Kublai había mantenido el juramento que le había hecho a Mongke y no había abierto un solo pergamino o libro desde que abandonara la ciudad. Al principio, le había costado un gran esfuerzo y había dormido mal, soñando con textos antiguos. En las fronteras de las tierras Song había numerosos signos de aquella antigua cultura. Ya habían dejado atrás cientos de pueblos y aldeas y Kublai no había podido resistirse a llevarse las obras escritas que había encontrado en ellos. Su creciente colección viajaba con él y era como un picor constante en el fondo de su mente.
Había sido Yao Shu el que se había ofrecido a leérselos por las noches. Aunque Kublai se sentía incómodo por eludir de ese modo el juramento, no podía negar que suponía un consuelo para él. Su hijo Zhenjin parecía disfrutar de la monótona voz del viejo y se quedaba levantado hasta tarde cuando debería estar durmiendo, absorbiendo cada palabra que oía. La mente de Kublai había sufrido como un desierto en tiempo de sequía y las ideas caían sobre él como una lluvia, haciéndole revivir.
También su cuerpo se había endurecido en los meses de viaje. Las úlceras producidas por la silla de montar no eran más que un doloroso recuerdo. Como a los guerreros experimentados, se le había formado una capa de callo de color amarillo oscuro en la zona baja de la espalda, aproximadamente del ancho de una mano de hombre. Alargó la mano hacia allí para rascarse, frunciendo el ceño al notar el pegajoso sudor que se mantenía en su piel por mucho que se bañara. Aunque llevaba la armadura de escamas, Kublai sufría menos de erupciones y llagas que sus hombres. Durante el húmedo verano, el hedor a carne podrida superaba incluso al olor de la lana mojada y los caballos. Kublai seguía echando de menos el frescor de las túnicas Chin, que tanto habían llegado a gustarle.
El orlok de sus tumanes poseía una ger al alcance de la vista de Kublai, con tres esposas y una hueste de criadas que atendían todas y cada una de sus necesidades. Kublai entrecerró los ojos para ver mejor a Uriang-Khadai, de pie junto a una de ellas, dándole instrucciones sobre la mejor manera de bordar una silla de montar. La espalda del orlok estaba recta como un palo, como siempre. Kublai resopló. Ya había decidido que Uriang-Khadai era el hombre de Mongke, los ojos del khan en su expedición. El orlok era un oficial experimentado del tipo de los que más impresionaban a su hermano. Incluso se había lacerado las mejillas para que dejara de crecerle la barba. Los bultos queloides de su cara proclamaban que ponía el deber por delante del ego, aunque Kublai los consideraba un signo de una suerte de retorcida vanidad.

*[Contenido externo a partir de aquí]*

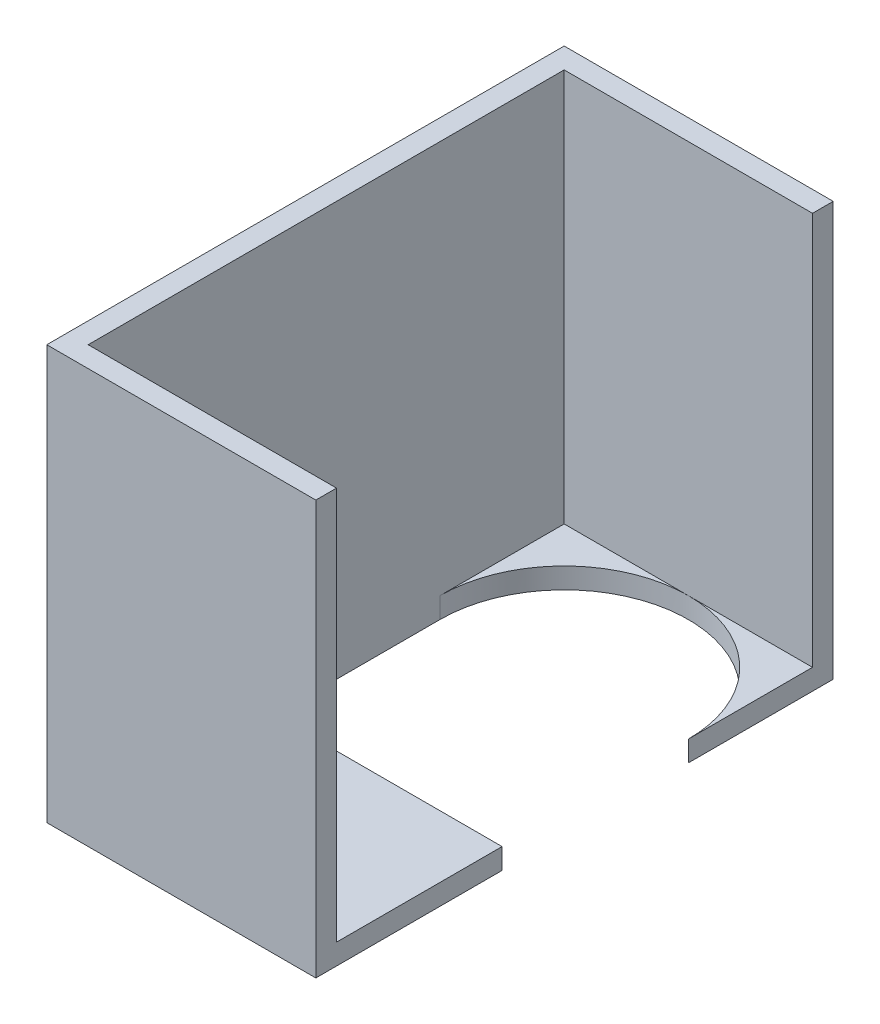
from build123d import *

# Parameters (mm, degrees)
SKETCH_15_W          = 13
SKETCH_15_H          = 25
EXTRUDE_4_DEPTH      = 20
CUT_EXTRUDE_START    = 1
SKETCH_16_W          = 12
SKETCH_16_H          = 23
CUT_EXTRUDE_47_DEPTH = 24.6018292
CUT_EXTRUDE_48_DEPTH = 25.6018292


with BuildPart() as part:
    # 스케치15 → 보스-돌출4 (new body)
    with BuildSketch(Plane(origin=(0, 0, 0), x_dir=(1, 0, 0), z_dir=(0, 1, 0))):
        with Locations((0.5, 0)):
            Rectangle(SKETCH_15_W, SKETCH_15_H)
    extrude(amount=EXTRUDE_4_DEPTH)

    # 스케치16 → 컷-돌출47 (cut, through all)
    with BuildSketch(Plane(origin=(0, 0, 0), x_dir=(1, 0, 0), z_dir=(0, 1, 0)).offset(CUT_EXTRUDE_START)):
        with Locations((1, 0)):
            Rectangle(SKETCH_16_W, SKETCH_16_H)
    extrude(amount=CUT_EXTRUDE_47_DEPTH, mode=Mode.SUBTRACT)

    # 스케치17 → 컷-돌출48 (cut, through all)
    with BuildSketch(Plane(origin=(0, 0, 0), x_dir=(1, 0, 0), z_dir=(0, 1, 0))):
        with BuildLine():
            Line((-5, -3.5), (7, -3.5))
            Line((7, -3.5), (7, 5.5))
            ThreePointArc((7, 5.5), (1, 11.5), (-5, 5.5))
            Line((-5, 5.5), (-5, -3.5))
        make_face()
    extrude(amount=CUT_EXTRUDE_48_DEPTH, mode=Mode.SUBTRACT)


solid = part.part
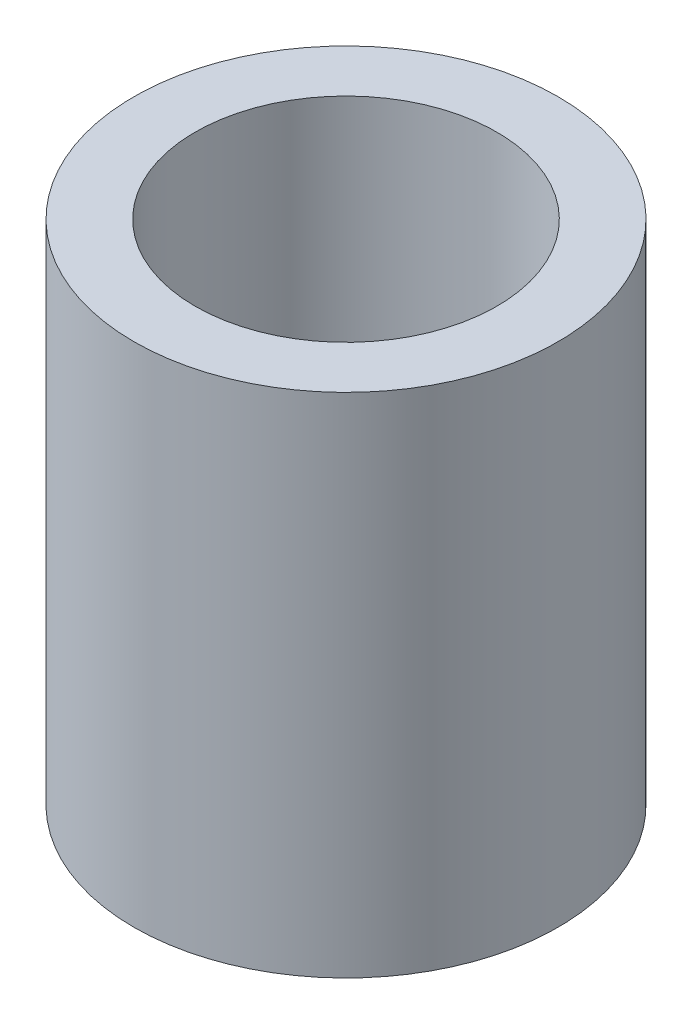
from build123d import *

# Parameters (mm, degrees)
SKETCH1_R           = 2.25
SKETCH1_R_2         = 1.6
BOSS_EXTRUDE1_DEPTH = 5.379


with BuildPart() as part:
    # Sketch1 → Boss-Extrude1 (new body)
    with BuildSketch(Plane(origin=(0, 0, 0), x_dir=(1, 0, 0), z_dir=(0, 1, 0))):
        with Locations(Location((0, 0, 0), (0, 0, 270))):
            Circle(SKETCH1_R)
        with Locations(Location((0, 0, 0), (0, 0, 270))):
            Circle(SKETCH1_R_2, mode=Mode.SUBTRACT)
    extrude(amount=BOSS_EXTRUDE1_DEPTH)


solid = part.part
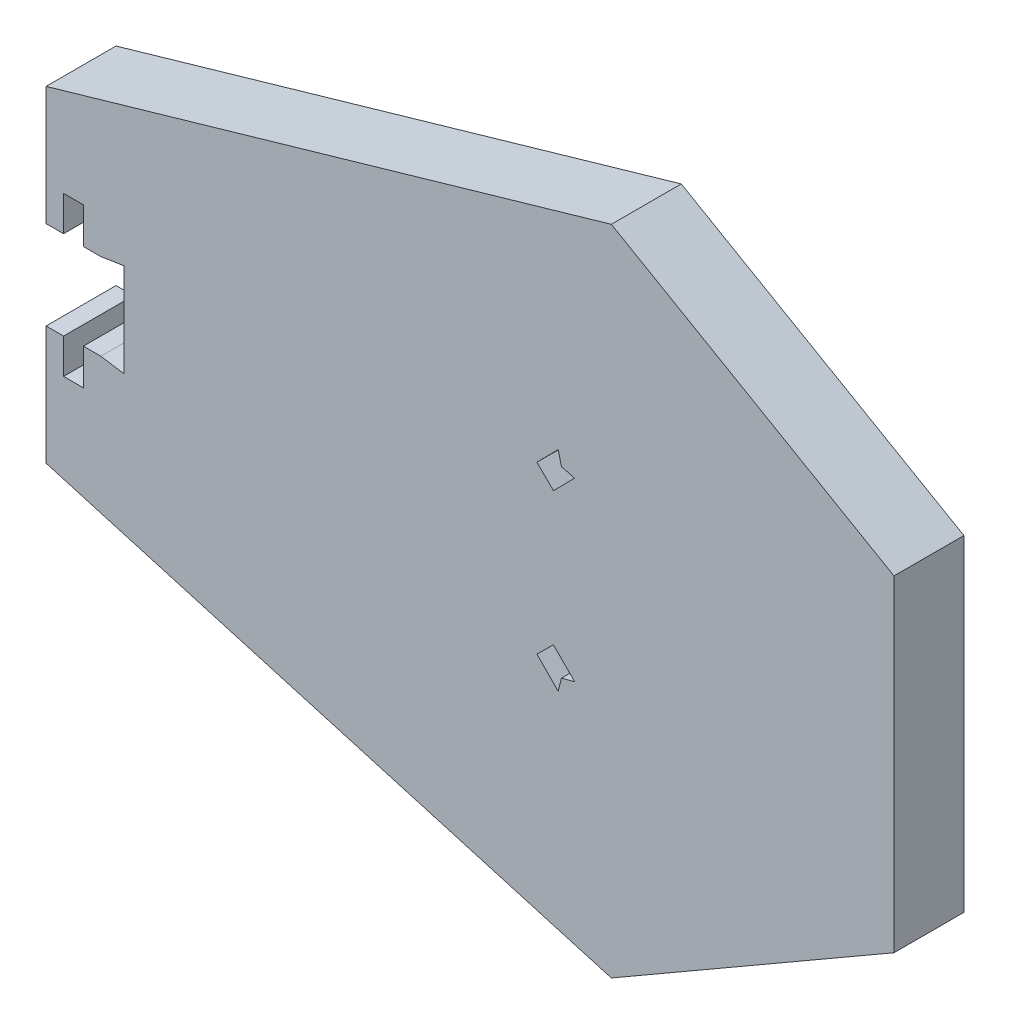
from build123d import *

# Parameters (mm, degrees)
BOSS_EXTRUDE1_DEPTH = 6
CUT_EXTRUDE1_DEPTH  = 51.439717383


with BuildPart() as part:
    # Sketch1 → Boss-Extrude1 (new body)
    # profile 1 of 2: a face of its own
    with BuildSketch(Plane.XY):
        Polygon((31.223066959, -14), (31.223066959, 0), (-34.823066959, 0), (-34.823066959, -4.01574156), (-36.823066959, -3.7), (-41.523066959, -3.7), (-41.523066959, -14), (6.974355653, -28), align=None)
        Polygon((2.700425446, -7.850425446), (2.408714576, -8.979109263), (0.584447895, -7.127556852), (2.009048725, -5.723949904), (3.819278422, -7.561255379), align=None, mode=Mode.SUBTRACT)
    # profile 2 of 2: a face of its own
    with BuildSketch(Plane.XY):
        Polygon((31.223066959, 0), (31.223066959, 14), (6.974355653, 28), (-41.523066959, 14), (-41.523066959, 3.7), (-36.823066959, 3.7), (-34.823066959, 4.01574156), (-34.823066959, 0), align=None)
        Polygon((2.408714576, 8.979109263), (2.700425446, 7.850425446), (3.819278422, 7.561255379), (2.009048725, 5.723949904), (0.584447895, 7.127556852), align=None, mode=Mode.SUBTRACT)
    extrude(amount=BOSS_EXTRUDE1_DEPTH)

    # Sketch2 → Cut-Extrude1 (cut, through all)
    with BuildSketch(Plane.XY.offset(6)):
        Polygon((-41.623066959, -3.427539205), (-41.623066959, -3.8), (-40.023066959, -3.8), (-40.023066959, -6.8), (-38.323066959, -6.8), (-38.323066959, 6.8), (-40.023066959, 6.8), (-40.023066959, 3.8), (-41.623066959, 3.8), (-41.623066959, 3.427539205), align=None)
    extrude(amount=-CUT_EXTRUDE1_DEPTH, mode=Mode.SUBTRACT)


solid = part.part

Mientras Kublai le observaba, Uriang-Khadai notó que estaba siendo escudriñado y se giró bruscamente hacia él. Pillado espiando, Kublai levantó la mano en forma de saludo, pero el orlok fingió no haberle visto y se volvió hacia su propia ger, su pequeño universo personal dentro del campamento. Kublai sospechaba que Uriang le tenía por un mero erudito, al que su hermano había conferido autoridad sin mérito relevante por su parte. Cuando se reunían cada día, podía percibir el sutil aire de diversión que envolvía a Uriang-Khadai cuando Kublai exponía sus estrategias. No habían simpatizado demasiado pero eso no importaba realmente mientras el orlok continuara obedeciéndole. Kublai volvió a bostezar. La brisa le trajo el olor de su comida y deseó tener un trago de vino para apaciguar sus pensamientos, para dejar de deshacer en pedazos cada idea y luego crear otras nuevas con los restos. Con una última mirada a su alrededor, se dio cuenta de que era capaz de relajarse. Parte de la tensión abandonó sus hombros y espalda mientras se agachaba para entrar en la ger, donde, al instante, Zhenjin, que le había esperado emboscado pacientemente, se le echó encima.

 

Los tumanes nunca habían estado tan solos como en su descenso hacia el sur. Con una hueste tan vasta y tan lenta, era imposible sorprender a la nación Song. Siempre había exploradores vigilando desde las colinas más próximas. La noticia de su llegada se les había adelantado. Los últimos pueblos por los que habían pasado estaban abandonados, y en algunos de ellos habían hallado extrañas marcas de sangre en el camino. Kublai se preguntó si los habitantes habrían sido masacrados antes de permitirles servir de ayuda a un enemigo. Le parecía plausible. Aunque amaba aquella cultura, no se hacía ilusiones; conocía su brutalidad y el tipo de ejércitos a los que sus hombres se iban a enfrentar. Los Song les superaban en número en una proporción de varios cientos a uno. Poseían ciudades amuralladas, artillería y armas incendiarias, buen acero, ballestas y una excelente disciplina. Mientras trotaba sobre su caballo, repasó mentalmente sus puntos fuertes y sus debilidades, como había hecho un millar de veces antes. Sus puntos fuertes eran intimidatorios, imposibles. Las únicas debilidades que había sido capaz de identificar era que tenían poca caballería y que elegían a sus oficiales por nobleza de nacimiento o con exámenes escritos celebrados en sus ciudades. Comparados con hombres como Uriang-Khadai y Bayar, Kublai confiaba en que los generales Song también pudieran considerarse unos eruditos amanerados. Él podía vencer a unos eruditos.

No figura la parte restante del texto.